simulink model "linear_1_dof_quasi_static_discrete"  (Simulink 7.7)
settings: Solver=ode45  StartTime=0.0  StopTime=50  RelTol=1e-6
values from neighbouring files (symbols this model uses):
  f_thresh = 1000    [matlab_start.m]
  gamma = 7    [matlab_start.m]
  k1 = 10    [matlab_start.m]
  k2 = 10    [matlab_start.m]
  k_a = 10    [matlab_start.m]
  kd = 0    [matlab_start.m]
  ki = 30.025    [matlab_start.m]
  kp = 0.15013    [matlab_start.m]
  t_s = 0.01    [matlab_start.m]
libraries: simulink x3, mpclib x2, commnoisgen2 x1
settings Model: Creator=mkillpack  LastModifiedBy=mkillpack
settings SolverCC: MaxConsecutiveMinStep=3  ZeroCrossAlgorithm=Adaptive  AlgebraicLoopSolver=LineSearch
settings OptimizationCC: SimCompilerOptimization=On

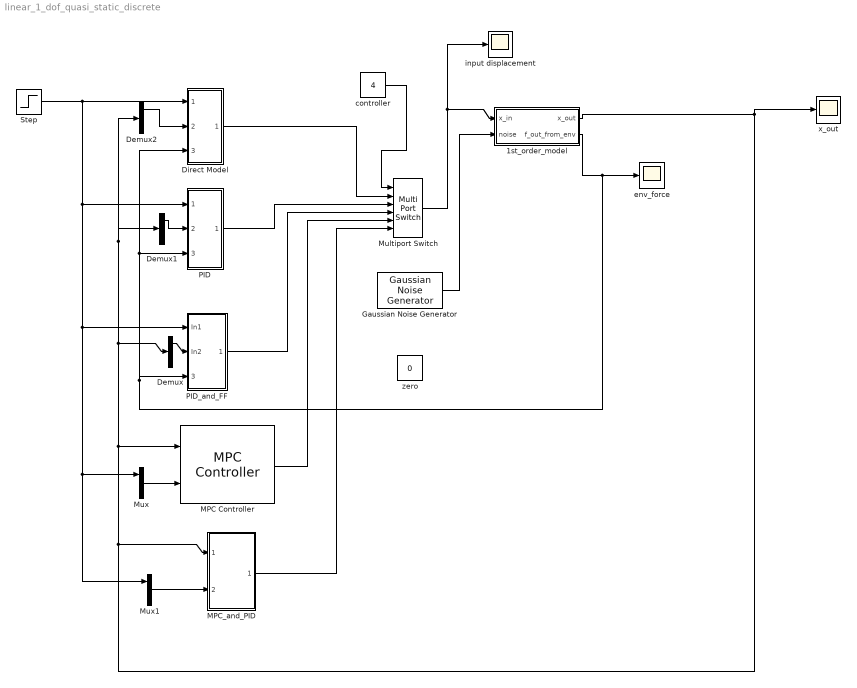
== system linear_1_dof_quasi_static_discrete ==
  1st_order_model : Subsystem
  Demux : Demux  Outputs=2
  Demux1 : Demux  Outputs=2
  Demux2 : Demux  Outputs=2
  Direct Model : Subsystem
  Gaussian Noise Generator : commnoisgen2/Gaussian Noise Generator  SystemSampleTime=-1  m=10  d=2  s=0  Ts=t_s  frameBased=off  sampPerFrame=1  orient=off  outDataType=double
  MPC Controller : mpclib/MPC Controller  SystemSampleTime=-1  mpcobj=MPC1  n_mv=0  x0=[]  ref_from_ws=off  ref_signal_name=[]  ref_preview=on  md_from_ws=off  md_signal_name=[]  md_preview=on  from_project=off  md_inport=off  mv_inport=off  lims_inport=off  switch_inport=off  enable_value=0  project_file=MPCtask.mat  is_multiple=0  cost_outport=off  return_sequence=off
  MPC_and_PID : Subsystem
  Multiport Switch : MultiPortSwitch  Inputs=5  zeroidx=off  SampleTime=t_s
  Mux : Mux  Inputs=2
  Mux1 : Mux  Inputs=2
  PID : Subsystem
  PID_and_FF : Subsystem
  Step : Step  SampleTime=t_s
  controller : Constant  Value=4
  env_force : Scope
      settings: YMin=0  YMax=11  SaveName=ScopeData2
  input displacement : Scope
  x_out : Scope
      settings: YMin=0  YMax=2  SaveName=ScopeData3
  zero : Constant  Value=0
  wires:
  1st_order_model/1(x_out) -> x_out/1, MPC_and_PID/1(x_out), MPC Controller/1, Demux/1, Demux1/1, Demux2/1
  1st_order_model/2(f_out_from_env) -> env_force/1, PID_and_FF/3(f_ext), PID/3(f_ext), Direct Model/3(f_ext)
  Step/1 -> Direct Model/1(In1), PID_and_FF/1(In1), Mux/1, Mux1/1, PID/1(In1)
  Direct Model/1(Out1) -> Multiport Switch/2
  Multiport Switch/1 -> 1st_order_model/1(x_in), input displacement/1
  controller/1 -> Multiport Switch/1
  PID/1(Out1) -> Multiport Switch/3
  PID_and_FF/1(Out1) -> Multiport Switch/4
  Gaussian Noise Generator/1 -> 1st_order_model/2(noise)
  MPC Controller/1 -> Multiport Switch/5
  MPC_and_PID/1(Out1) -> Multiport Switch/6
  Demux/1 -> PID_and_FF/2(In2)
  Demux1/1 -> PID/2(In2)
  Demux2/1 -> Direct Model/2(In2)
  Mux/1 -> MPC Controller/2
  Mux1/1 -> MPC_and_PID/2(x_ref)

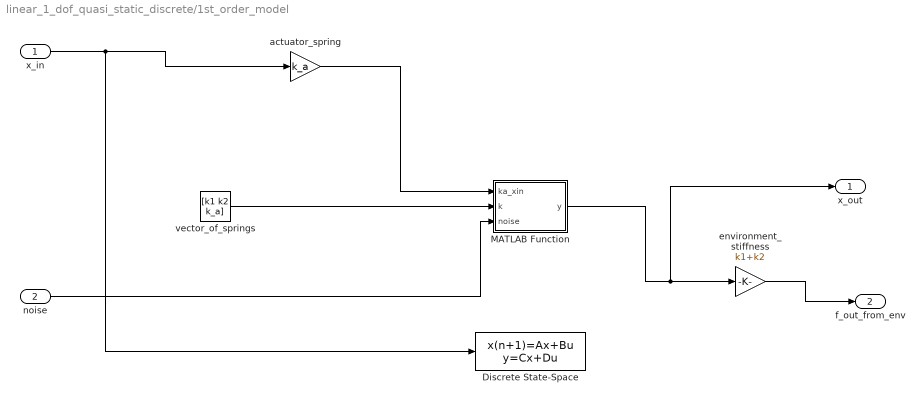
== system linear_1_dof_quasi_static_discrete/1st_order_model ==
  x_in : Inport
  noise : Inport  Port=2
  Discrete State-Space : DiscreteStateSpace  A=0  B=k_a/(k1+k2+k_a)  D=0  SampleTime=.01
  MATLAB Function : Stateflow chart  TreatAsAtomicUnit=on
  actuator_spring : Gain  Gain=k_a
  environment_stiffness : Gain  Gain=k1+k2
  vector_of_springs : Constant  Value=[k1 k2 k_a]
  x_out : Outport
  f_out_from_env : Outport  Port=2
  wires:
  vector_of_springs/1 -> MATLAB Function/2(k)
  noise/1 -> MATLAB Function/3(noise)
  environment_stiffness/1 -> f_out_from_env/1
  x_in/1 -> actuator_spring/1, Discrete State-Space/1
  actuator_spring/1 -> MATLAB Function/1(ka_xin)
  MATLAB Function/1(y) -> environment_stiffness/1, x_out/1

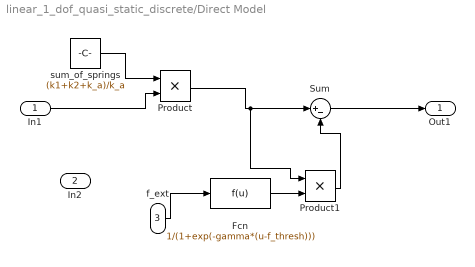
== system linear_1_dof_quasi_static_discrete/Direct Model ==
  In1 : Inport
  In2 : Inport  Port=2
  f_ext : Inport  Port=3
  Fcn : Fcn  Expr=1/(1+exp(-gamma*(u-f_thresh)))
  Product : Product  SampleTime=t_s  RndMeth=Zero
  Product1 : Product  RndMeth=Zero
  Sum : Sum  Inputs=|+-
  sum_of_springs : Constant  Value=(k1+k2+k_a)/k_a
  Out1 : Outport
  wires:
  In1/1 -> Product/2
  sum_of_springs/1 -> Product/1
  Product/1 -> Product1/1, Sum/1
  Sum/1 -> Out1/1
  f_ext/1 -> Fcn/1
  Fcn/1 -> Product1/2
  Product1/1 -> Sum/2

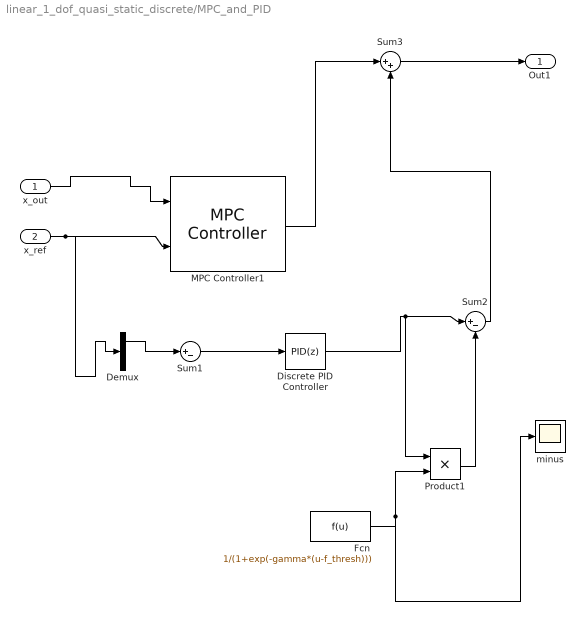
== system linear_1_dof_quasi_static_discrete/MPC_and_PID ==
  x_out : Inport
  x_ref : Inport  Port=2
  Demux : Demux  Outputs=2
  Discrete PID Controller : simulink/Continuous/PID Controller  SystemSampleTime=-1  Controller=PID  TimeDomain=Discrete-time  SampleTime=t_s  IntegratorMethod=Forward Euler  FilterMethod=Forward Euler  Form=Parallel  P=kp  I=ki  D=kd  N=100  InitialConditionSource=internal  InitialConditionForIntegrator=0  InitialConditionForFilter=0  ExternalReset=none  LimitOutput=off  UpperSaturationLimit=inf  LowerSaturationLimit=-inf  LinearizeAsGain=off  AntiWindupMode=none  Kb=1  TrackingMode=off  Kt=1  PParamMin=[]  PParamMax=[]  IParamMin=[]  IParamMax=[]  DParamMin=[]  DParamMax=[]  NParamMin=[]  NParamMax=[]  KbParamMin=[]  KbParamMax=[]  KtParamMin=[]  KtParamMax=[]  POutMin=[]  POutMax=[]  IOutMin=[]  IOutMax=[]  DOutMin=[]  DOutMax=[]  NOutMin=[]  NOutMax=[]  KbOutMin=[]  KbOutMax=[]  KtOutMin=[]  KtOutMax=[]  IntegratorOutMin=[]  IntegratorOutMax=[]  FilterOutMin=[]  FilterOutMax=[]  SumOutMin=[]  SumOutMax=[]  SumI1OutMin=[]  SumI1OutMax=[]  SumI2OutMin=[]  SumI2OutMax=[]  SumI3OutMin=[]  SumI3OutMax=[]  SumDOutMin=[]  SumDOutMax=[]  SaturationOutMin=[]  SaturationOutMax=[]  IntegratorContinuousStateAttributes=''  IntegratorStateMustResolveToSignalObject=off  IntegratorRTWStateStorageClass=Auto  FilterContinuousStateAttributes=''  FilterStateMustResolveToSignalObject=off  FilterRTWStateStorageClass=Auto
  Fcn : Fcn  Expr=1/(1+exp(-gamma*(u-f_thresh)))  SampleTime=t_s
  MPC Controller1 : mpclib/MPC Controller  SystemSampleTime=-1  mpcobj=MPC1  n_mv=0  x0=[]  ref_from_ws=off  ref_signal_name=[]  ref_preview=on  md_from_ws=off  md_signal_name=[]  md_preview=on  from_project=off  md_inport=off  mv_inport=off  lims_inport=off  switch_inport=off  enable_value=0  project_file=MPCtask.mat  is_multiple=0  cost_outport=off  return_sequence=off
  Product1 : Product  RndMeth=Zero
  Sum1 : Sum  Inputs=|+-
  Sum2 : Sum  Inputs=|+-
  Sum3 : Sum  Inputs=|++
  minus : Scope
      settings: YMin=6  YMax=25  SaveName=ScopeData4
  Out1 : Outport
  wires:
  Sum1/1 -> Discrete PID Controller/1
  x_out/1 -> MPC Controller1/1
  x_ref/1 -> MPC Controller1/2, Demux/1
  MPC Controller1/1 -> Sum3/1
  Sum3/1 -> Out1/1
  Fcn/1 -> Product1/2, minus/1
  Product1/1 -> Sum2/2
  Discrete PID Controller/1 -> Sum2/1, Product1/1
  Sum2/1 -> Sum3/2
  Demux/1 -> Sum1/1

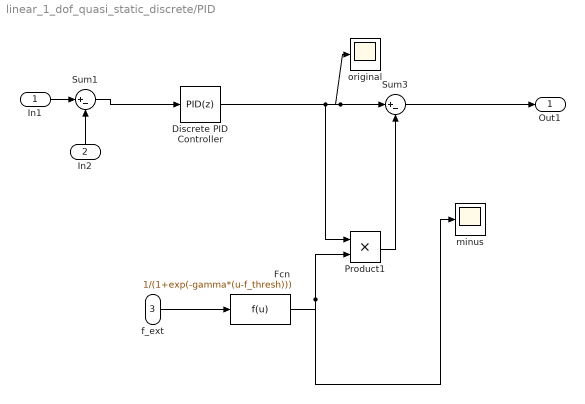
== system linear_1_dof_quasi_static_discrete/PID ==
  In1 : Inport
  In2 : Inport  Port=2
  f_ext : Inport  Port=3
  Discrete PID Controller : simulink/Continuous/PID Controller  SystemSampleTime=-1  Controller=PID  TimeDomain=Discrete-time  SampleTime=t_s  IntegratorMethod=Forward Euler  FilterMethod=Forward Euler  Form=Parallel  P=kp  I=ki  D=kd  N=100  InitialConditionSource=internal  InitialConditionForIntegrator=0  InitialConditionForFilter=0  ExternalReset=none  LimitOutput=off  UpperSaturationLimit=inf  LowerSaturationLimit=-inf  LinearizeAsGain=off  AntiWindupMode=none  Kb=1  TrackingMode=off  Kt=1  PParamMin=[]  PParamMax=[]  IParamMin=[]  IParamMax=[]  DParamMin=[]  DParamMax=[]  NParamMin=[]  NParamMax=[]  KbParamMin=[]  KbParamMax=[]  KtParamMin=[]  KtParamMax=[]  POutMin=[]  POutMax=[]  IOutMin=[]  IOutMax=[]  DOutMin=[]  DOutMax=[]  NOutMin=[]  NOutMax=[]  KbOutMin=[]  KbOutMax=[]  KtOutMin=[]  KtOutMax=[]  IntegratorOutMin=[]  IntegratorOutMax=[]  FilterOutMin=[]  FilterOutMax=[]  SumOutMin=[]  SumOutMax=[]  SumI1OutMin=[]  SumI1OutMax=[]  SumI2OutMin=[]  SumI2OutMax=[]  SumI3OutMin=[]  SumI3OutMax=[]  SumDOutMin=[]  SumDOutMax=[]  SaturationOutMin=[]  SaturationOutMax=[]  IntegratorContinuousStateAttributes=''  IntegratorStateMustResolveToSignalObject=off  IntegratorRTWStateStorageClass=Auto  FilterContinuousStateAttributes=''  FilterStateMustResolveToSignalObject=off  FilterRTWStateStorageClass=Auto
  Fcn : Fcn  Expr=1/(1+exp(-gamma*(u-f_thresh)))  SampleTime=t_s
  Product1 : Product  RndMeth=Zero
  Sum1 : Sum  Inputs=|+-
  Sum3 : Sum  Inputs=|+-
  minus : Scope
      settings: YMin=6  YMax=25
  original : Scope
      settings: SaveName=ScopeData5
  Out1 : Outport
  wires:
  Sum1/1 -> Discrete PID Controller/1
  In2/1 -> Sum1/2
  In1/1 -> Sum1/1
  f_ext/1 -> Fcn/1
  Discrete PID Controller/1 -> Product1/1, Sum3/1, original/1
  Sum3/1 -> Out1/1
  Fcn/1 -> Product1/2, minus/1
  Product1/1 -> Sum3/2

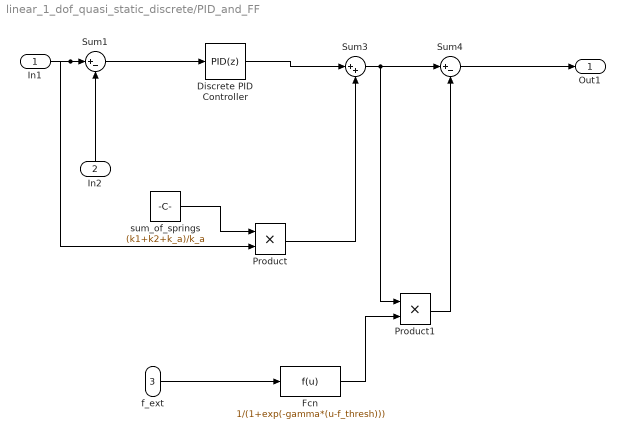
== system linear_1_dof_quasi_static_discrete/PID_and_FF ==
  In1 : Inport
  In2 : Inport  Port=2
  f_ext : Inport  Port=3
  Discrete PID Controller : simulink/Continuous/PID Controller  SystemSampleTime=-1  Controller=PID  TimeDomain=Discrete-time  SampleTime=t_s  IntegratorMethod=Forward Euler  FilterMethod=Forward Euler  Form=Parallel  P=kp  I=ki  D=kd  N=100  InitialConditionSource=internal  InitialConditionForIntegrator=0  InitialConditionForFilter=0  ExternalReset=none  LimitOutput=off  UpperSaturationLimit=inf  LowerSaturationLimit=-inf  LinearizeAsGain=off  AntiWindupMode=none  Kb=1  TrackingMode=off  Kt=1  PParamMin=[]  PParamMax=[]  IParamMin=[]  IParamMax=[]  DParamMin=[]  DParamMax=[]  NParamMin=[]  NParamMax=[]  KbParamMin=[]  KbParamMax=[]  KtParamMin=[]  KtParamMax=[]  POutMin=[]  POutMax=[]  IOutMin=[]  IOutMax=[]  DOutMin=[]  DOutMax=[]  NOutMin=[]  NOutMax=[]  KbOutMin=[]  KbOutMax=[]  KtOutMin=[]  KtOutMax=[]  IntegratorOutMin=[]  IntegratorOutMax=[]  FilterOutMin=[]  FilterOutMax=[]  SumOutMin=[]  SumOutMax=[]  SumI1OutMin=[]  SumI1OutMax=[]  SumI2OutMin=[]  SumI2OutMax=[]  SumI3OutMin=[]  SumI3OutMax=[]  SumDOutMin=[]  SumDOutMax=[]  SaturationOutMin=[]  SaturationOutMax=[]  IntegratorContinuousStateAttributes=''  IntegratorStateMustResolveToSignalObject=off  IntegratorRTWStateStorageClass=Auto  FilterContinuousStateAttributes=''  FilterStateMustResolveToSignalObject=off  FilterRTWStateStorageClass=Auto
  Fcn : Fcn  Expr=1/(1+exp(-gamma*(u-f_thresh)))
  Product : Product  RndMeth=Zero
  Product1 : Product  RndMeth=Zero
  Sum1 : Sum  Inputs=|+-
  Sum3 : Sum  Inputs=|++
  Sum4 : Sum  Inputs=|+-
  sum_of_springs : Constant  Value=(k1+k2+k_a)/k_a
  Out1 : Outport
  wires:
  In2/1 -> Sum1/2
  In1/1 -> Sum1/1, Product/2
  Sum3/1 -> Product1/1, Sum4/1
  sum_of_springs/1 -> Product/1
  Product/1 -> Sum3/2
  f_ext/1 -> Fcn/1
  Fcn/1 -> Product1/2
  Product1/1 -> Sum4/2
  Sum4/1 -> Out1/1
  Sum1/1 -> Discrete PID Controller/1
  Discrete PID Controller/1 -> Sum3/1

== matlab function 1st_order_model/MATLAB Function ==
  data: ka_xin input double; k input double; y output double; noise input double
function y = fcn(ka_xin, k, noise)
%#codegen

y = ka_xin/(k(1)+k(2)+k(3)+noise);

+ + + +

Brief: What is the number of lines in the listing that include the word "Multiport"? Give the number and no other text.

Result below: 8